Exercise requirements> Tally the lines in the following entries that include the word "units"; state only the total.
-- Data follows --
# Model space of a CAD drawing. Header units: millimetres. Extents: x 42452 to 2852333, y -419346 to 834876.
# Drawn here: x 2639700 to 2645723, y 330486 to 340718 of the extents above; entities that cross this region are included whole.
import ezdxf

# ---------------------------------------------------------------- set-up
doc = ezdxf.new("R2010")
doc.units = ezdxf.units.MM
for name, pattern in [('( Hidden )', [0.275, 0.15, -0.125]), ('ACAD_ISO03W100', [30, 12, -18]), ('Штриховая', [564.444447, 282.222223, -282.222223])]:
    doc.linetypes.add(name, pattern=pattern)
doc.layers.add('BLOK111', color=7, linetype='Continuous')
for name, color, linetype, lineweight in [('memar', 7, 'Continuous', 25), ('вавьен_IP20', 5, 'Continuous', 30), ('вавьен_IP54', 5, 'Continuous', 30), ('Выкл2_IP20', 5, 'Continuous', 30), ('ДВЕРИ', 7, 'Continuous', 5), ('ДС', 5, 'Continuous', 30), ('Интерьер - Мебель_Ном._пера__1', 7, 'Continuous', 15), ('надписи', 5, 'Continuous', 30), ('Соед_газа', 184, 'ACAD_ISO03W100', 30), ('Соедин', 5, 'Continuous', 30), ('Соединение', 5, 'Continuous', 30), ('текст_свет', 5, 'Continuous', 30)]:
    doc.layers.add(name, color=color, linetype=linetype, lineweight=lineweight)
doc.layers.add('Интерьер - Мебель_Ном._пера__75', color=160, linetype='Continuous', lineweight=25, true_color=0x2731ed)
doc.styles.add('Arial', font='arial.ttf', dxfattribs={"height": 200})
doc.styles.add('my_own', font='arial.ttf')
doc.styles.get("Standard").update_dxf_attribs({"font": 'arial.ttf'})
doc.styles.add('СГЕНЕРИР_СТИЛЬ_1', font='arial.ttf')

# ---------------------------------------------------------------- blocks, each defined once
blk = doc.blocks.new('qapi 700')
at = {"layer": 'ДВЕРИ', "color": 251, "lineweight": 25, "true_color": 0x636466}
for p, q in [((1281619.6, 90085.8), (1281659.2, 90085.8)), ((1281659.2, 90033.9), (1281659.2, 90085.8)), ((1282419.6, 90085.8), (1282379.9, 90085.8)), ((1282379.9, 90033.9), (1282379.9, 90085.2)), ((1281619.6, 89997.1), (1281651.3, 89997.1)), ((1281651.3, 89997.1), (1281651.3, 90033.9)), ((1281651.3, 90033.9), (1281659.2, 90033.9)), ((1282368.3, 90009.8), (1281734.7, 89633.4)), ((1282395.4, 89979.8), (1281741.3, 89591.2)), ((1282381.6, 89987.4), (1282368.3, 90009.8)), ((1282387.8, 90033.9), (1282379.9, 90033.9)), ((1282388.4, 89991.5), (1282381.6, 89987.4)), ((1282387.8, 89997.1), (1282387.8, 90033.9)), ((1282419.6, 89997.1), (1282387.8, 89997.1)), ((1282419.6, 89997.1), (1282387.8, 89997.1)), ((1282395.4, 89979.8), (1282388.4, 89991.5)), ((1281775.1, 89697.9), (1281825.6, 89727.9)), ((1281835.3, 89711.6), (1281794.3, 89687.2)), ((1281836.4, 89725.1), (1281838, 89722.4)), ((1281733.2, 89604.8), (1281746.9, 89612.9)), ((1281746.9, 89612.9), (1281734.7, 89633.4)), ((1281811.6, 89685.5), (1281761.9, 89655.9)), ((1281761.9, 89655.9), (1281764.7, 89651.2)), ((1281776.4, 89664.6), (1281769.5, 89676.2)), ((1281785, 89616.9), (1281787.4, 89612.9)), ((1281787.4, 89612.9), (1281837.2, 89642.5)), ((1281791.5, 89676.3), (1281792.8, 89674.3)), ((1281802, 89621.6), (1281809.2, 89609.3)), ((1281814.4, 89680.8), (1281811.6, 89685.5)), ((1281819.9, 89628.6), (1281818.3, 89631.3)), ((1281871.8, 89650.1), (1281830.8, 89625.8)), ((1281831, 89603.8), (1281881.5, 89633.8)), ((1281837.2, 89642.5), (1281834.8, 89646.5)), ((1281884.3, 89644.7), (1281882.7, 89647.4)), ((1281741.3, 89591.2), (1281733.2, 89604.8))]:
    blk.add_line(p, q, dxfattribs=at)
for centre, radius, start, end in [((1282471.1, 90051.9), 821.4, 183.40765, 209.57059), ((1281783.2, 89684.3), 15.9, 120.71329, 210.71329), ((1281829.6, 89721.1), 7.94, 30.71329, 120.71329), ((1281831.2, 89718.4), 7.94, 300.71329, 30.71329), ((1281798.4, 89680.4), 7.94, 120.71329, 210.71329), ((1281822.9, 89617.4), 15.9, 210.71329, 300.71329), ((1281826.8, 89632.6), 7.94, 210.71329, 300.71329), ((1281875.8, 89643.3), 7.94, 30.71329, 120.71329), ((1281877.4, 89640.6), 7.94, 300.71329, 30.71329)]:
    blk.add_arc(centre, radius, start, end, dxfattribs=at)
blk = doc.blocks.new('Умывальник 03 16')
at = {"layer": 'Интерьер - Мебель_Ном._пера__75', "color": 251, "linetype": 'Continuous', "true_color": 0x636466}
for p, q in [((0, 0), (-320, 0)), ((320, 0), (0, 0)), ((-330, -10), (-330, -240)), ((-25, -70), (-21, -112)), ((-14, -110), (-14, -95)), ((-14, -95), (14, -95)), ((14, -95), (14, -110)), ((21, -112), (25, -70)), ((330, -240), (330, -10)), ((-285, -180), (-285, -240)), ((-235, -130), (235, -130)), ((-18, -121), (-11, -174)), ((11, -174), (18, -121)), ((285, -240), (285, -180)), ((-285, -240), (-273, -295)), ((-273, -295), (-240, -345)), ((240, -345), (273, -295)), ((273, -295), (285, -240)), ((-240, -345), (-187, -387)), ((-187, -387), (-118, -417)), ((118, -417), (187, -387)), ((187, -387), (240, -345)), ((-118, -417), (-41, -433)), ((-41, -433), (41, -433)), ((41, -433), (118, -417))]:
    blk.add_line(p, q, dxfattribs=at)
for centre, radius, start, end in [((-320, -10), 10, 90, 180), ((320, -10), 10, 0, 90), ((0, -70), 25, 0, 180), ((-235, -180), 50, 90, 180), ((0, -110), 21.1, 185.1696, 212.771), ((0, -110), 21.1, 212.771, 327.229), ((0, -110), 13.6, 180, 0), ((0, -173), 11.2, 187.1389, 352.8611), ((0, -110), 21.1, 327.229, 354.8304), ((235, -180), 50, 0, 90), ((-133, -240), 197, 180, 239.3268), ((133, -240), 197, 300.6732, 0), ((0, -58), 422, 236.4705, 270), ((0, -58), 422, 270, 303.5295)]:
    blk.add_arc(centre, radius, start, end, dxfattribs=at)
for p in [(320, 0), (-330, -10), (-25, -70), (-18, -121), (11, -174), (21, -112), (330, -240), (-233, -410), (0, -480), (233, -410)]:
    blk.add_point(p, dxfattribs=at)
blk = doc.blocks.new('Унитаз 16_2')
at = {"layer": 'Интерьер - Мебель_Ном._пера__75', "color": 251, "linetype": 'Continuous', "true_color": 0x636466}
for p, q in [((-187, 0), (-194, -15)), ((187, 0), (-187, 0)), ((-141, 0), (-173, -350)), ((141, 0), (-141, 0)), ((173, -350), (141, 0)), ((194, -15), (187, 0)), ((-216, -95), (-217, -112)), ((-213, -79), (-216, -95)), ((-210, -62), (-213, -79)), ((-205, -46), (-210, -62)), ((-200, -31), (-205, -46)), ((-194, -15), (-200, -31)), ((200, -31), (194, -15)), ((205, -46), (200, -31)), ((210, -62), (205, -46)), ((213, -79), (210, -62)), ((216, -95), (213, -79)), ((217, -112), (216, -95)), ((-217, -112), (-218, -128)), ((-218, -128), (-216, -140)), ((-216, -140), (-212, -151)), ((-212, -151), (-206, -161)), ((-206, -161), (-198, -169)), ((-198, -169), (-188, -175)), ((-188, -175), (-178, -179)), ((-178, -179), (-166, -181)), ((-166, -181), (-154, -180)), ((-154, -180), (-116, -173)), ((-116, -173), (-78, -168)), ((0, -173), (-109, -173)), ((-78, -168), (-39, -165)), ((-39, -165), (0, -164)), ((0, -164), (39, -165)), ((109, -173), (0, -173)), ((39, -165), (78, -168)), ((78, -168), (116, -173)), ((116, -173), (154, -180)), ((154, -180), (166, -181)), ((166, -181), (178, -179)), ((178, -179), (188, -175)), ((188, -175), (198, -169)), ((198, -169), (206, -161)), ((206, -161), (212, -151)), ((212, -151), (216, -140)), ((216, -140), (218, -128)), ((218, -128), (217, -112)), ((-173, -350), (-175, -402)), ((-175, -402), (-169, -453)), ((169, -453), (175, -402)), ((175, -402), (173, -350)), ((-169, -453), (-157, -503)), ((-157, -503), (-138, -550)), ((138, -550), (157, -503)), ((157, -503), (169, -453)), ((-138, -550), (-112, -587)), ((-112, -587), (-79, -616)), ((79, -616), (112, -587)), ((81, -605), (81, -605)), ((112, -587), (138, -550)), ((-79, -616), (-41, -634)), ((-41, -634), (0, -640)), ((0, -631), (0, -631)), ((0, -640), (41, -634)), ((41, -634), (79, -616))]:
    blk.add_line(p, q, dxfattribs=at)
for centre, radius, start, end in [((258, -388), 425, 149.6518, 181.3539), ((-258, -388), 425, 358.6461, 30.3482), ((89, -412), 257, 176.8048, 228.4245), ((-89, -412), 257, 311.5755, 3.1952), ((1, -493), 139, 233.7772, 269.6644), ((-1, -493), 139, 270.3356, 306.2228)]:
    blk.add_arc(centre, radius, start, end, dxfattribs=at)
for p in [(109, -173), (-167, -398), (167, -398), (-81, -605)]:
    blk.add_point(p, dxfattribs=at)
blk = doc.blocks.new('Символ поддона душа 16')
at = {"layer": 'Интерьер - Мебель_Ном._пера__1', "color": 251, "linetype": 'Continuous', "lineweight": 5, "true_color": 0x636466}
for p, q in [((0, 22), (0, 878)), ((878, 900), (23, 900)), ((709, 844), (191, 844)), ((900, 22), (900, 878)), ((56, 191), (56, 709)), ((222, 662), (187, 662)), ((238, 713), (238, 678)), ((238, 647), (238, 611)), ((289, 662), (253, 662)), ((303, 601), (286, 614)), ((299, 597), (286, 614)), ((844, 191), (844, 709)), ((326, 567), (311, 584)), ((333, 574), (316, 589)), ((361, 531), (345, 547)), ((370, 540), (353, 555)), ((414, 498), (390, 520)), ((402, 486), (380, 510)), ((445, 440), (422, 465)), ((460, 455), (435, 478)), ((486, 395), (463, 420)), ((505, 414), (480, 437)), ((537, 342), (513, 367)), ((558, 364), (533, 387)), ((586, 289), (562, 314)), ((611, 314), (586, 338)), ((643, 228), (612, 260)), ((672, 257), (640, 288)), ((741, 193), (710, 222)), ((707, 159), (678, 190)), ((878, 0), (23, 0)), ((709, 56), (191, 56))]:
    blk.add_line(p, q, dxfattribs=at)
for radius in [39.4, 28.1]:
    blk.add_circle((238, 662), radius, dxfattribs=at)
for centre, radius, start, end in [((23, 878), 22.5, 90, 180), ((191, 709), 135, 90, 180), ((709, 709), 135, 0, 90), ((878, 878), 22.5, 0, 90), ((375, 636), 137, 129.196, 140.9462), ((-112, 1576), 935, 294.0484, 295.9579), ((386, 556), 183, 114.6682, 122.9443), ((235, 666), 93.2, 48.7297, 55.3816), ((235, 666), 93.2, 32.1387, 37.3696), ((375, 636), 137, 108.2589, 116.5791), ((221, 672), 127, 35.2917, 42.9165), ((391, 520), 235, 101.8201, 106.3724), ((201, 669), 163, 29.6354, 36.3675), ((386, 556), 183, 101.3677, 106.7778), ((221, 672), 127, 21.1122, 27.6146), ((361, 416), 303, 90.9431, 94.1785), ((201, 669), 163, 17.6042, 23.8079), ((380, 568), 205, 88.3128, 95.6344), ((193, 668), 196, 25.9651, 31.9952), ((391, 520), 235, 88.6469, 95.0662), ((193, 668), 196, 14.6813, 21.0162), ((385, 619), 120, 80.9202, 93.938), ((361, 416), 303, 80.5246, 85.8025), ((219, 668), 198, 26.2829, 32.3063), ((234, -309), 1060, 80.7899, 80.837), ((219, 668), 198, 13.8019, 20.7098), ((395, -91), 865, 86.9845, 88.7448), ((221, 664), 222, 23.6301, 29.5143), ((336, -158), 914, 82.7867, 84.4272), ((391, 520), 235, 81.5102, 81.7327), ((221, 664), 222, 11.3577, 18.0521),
-- Data concluded --
Result for this exercise> 2